Validating remotely sensed land surface fluxes in heterogeneous terrain with large aperture scintillometry

Abstract

The Large Aperture Scintillometer (LAS) has emerged as one of the best tools for quantifying areal averaged fluxes over heterogeneous land surfaces. This is particularly useful as a validation of surface energy fluxes derived from satellite sources. We examine how changes in surface source area contributing to the scintillometer and eddy covariance measurements relate to satellite derived estimates of sensible heat flux. Field data were collected on the Konza Prairie in Northeastern Kansas, included data from two eddy covariance towers: one located on an upland, relatively flat homogeneous area, and the second located in a lowland area with generally higher biomass and moisture conditions. The large aperture scintillometer spanned both the upland and lowland areas and operated with a path length of approximately 1 km specifically to compare to Moderate Resolution Imaging Spectroradiometer (MODIS) derived estimates of surface fluxes. The upland station compares well with the LAS (correlation of 0.96), with the lowland station being slightly worse (correlation of 0.84).
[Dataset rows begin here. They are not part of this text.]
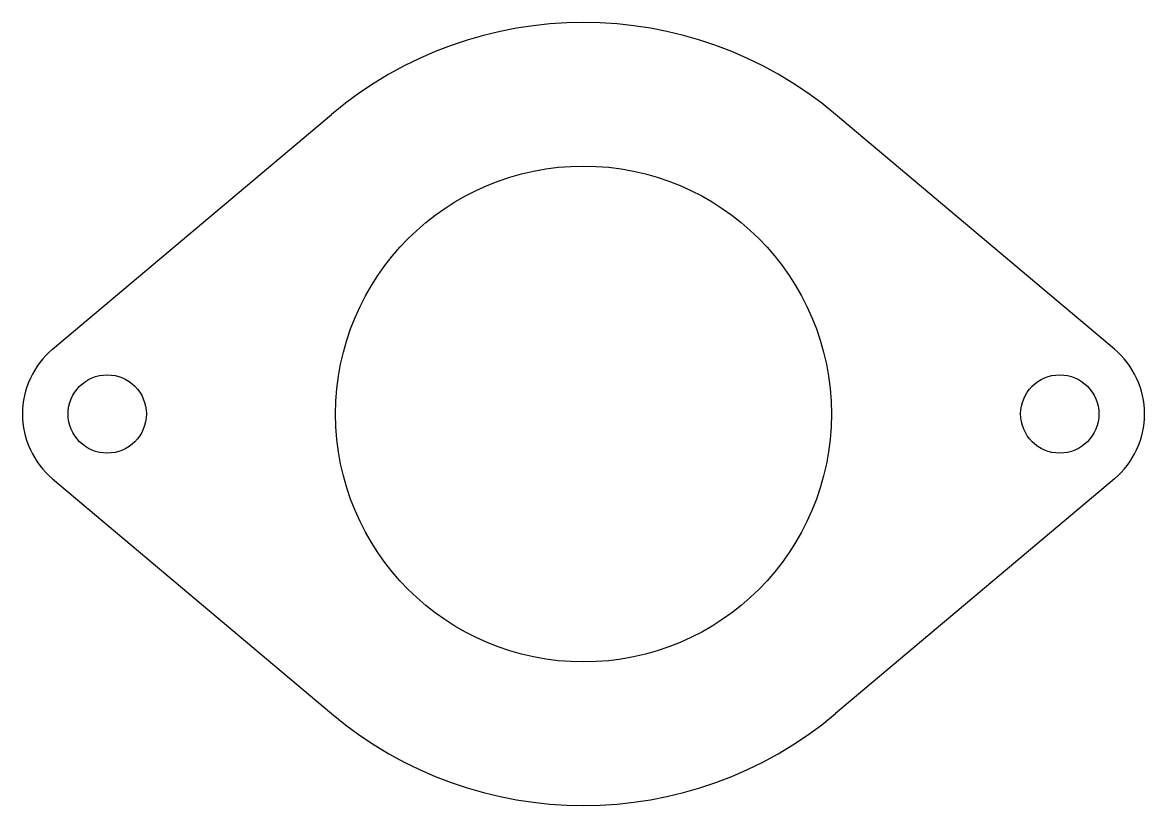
# Model space of a CAD drawing. Header units: millimetres. Extents: x 83.2 to 126.2, y 71.2 to 143.2.
# Drawn here: x 83.15 to 126.15, y 113.16 to 143.16 of the extents above.
import ezdxf

# ---------------------------------------------------------------- set-up
doc = ezdxf.new("R2010")
doc.units = ezdxf.units.MM

msp = doc.modelspace()

# ---------------------------------------------------------------- linework, layer by layer
at = {"color": 7, "linetype": 'Continuous', "lineweight": 25}
for p, q in [((84.308, 130.652), (94.993, 139.642)), ((124.993, 130.652), (114.308, 139.642)), ((84.308, 125.678), (94.993, 116.687)), ((124.993, 125.678), (114.308, 116.687))]:
    msp.add_line(p, q, dxfattribs=at)
for centre, radius in [((104.651, 128.165), 9.5), ((86.401, 128.165), 1.5), ((122.901, 128.165), 1.5)]:
    msp.add_circle(centre, radius, dxfattribs=at)
for centre, radius, start, end in [((104.651, 128.165), 15, 49.9216, 130.0784), ((86.401, 128.165), 3.25, 130.0784, 229.9216), ((122.901, 128.165), 3.25, 310.0784, 49.9216), ((104.651, 128.165), 15, 229.9216, 310.0784)]:
    msp.add_arc(centre, radius, start, end, dxfattribs=at)

doc.saveas('drawing.dxf')

Data from the MODIS sensor was used to compute surface fluxes using the ‘triangle’ method which combines the remotely sensed data with a soil-vegetation-atmosphere-transfer scheme and a fully developed atmospheric boundary layer model. The relative contribution to the surface observations is estimated using a simple footprint model. As wind direction varies, the relative contribution of upland and lowland sources contributing to the LAS measurements varies while the MODIS pixel contribution remains relatively constant. With the footprint model, we were able to evaluate the relationship between the LAS observations and the remotely sensed estimates of the surface energy balance. The MODIS derived sensible heat flux values correspond better to the LAS measurements (percentage error: 0.04) when there was a larger footprint compared to a time with a smaller footprint (percentage error: −0.13). Results indicate that the larger the footprint, the better the agreement between satellite and surface observations.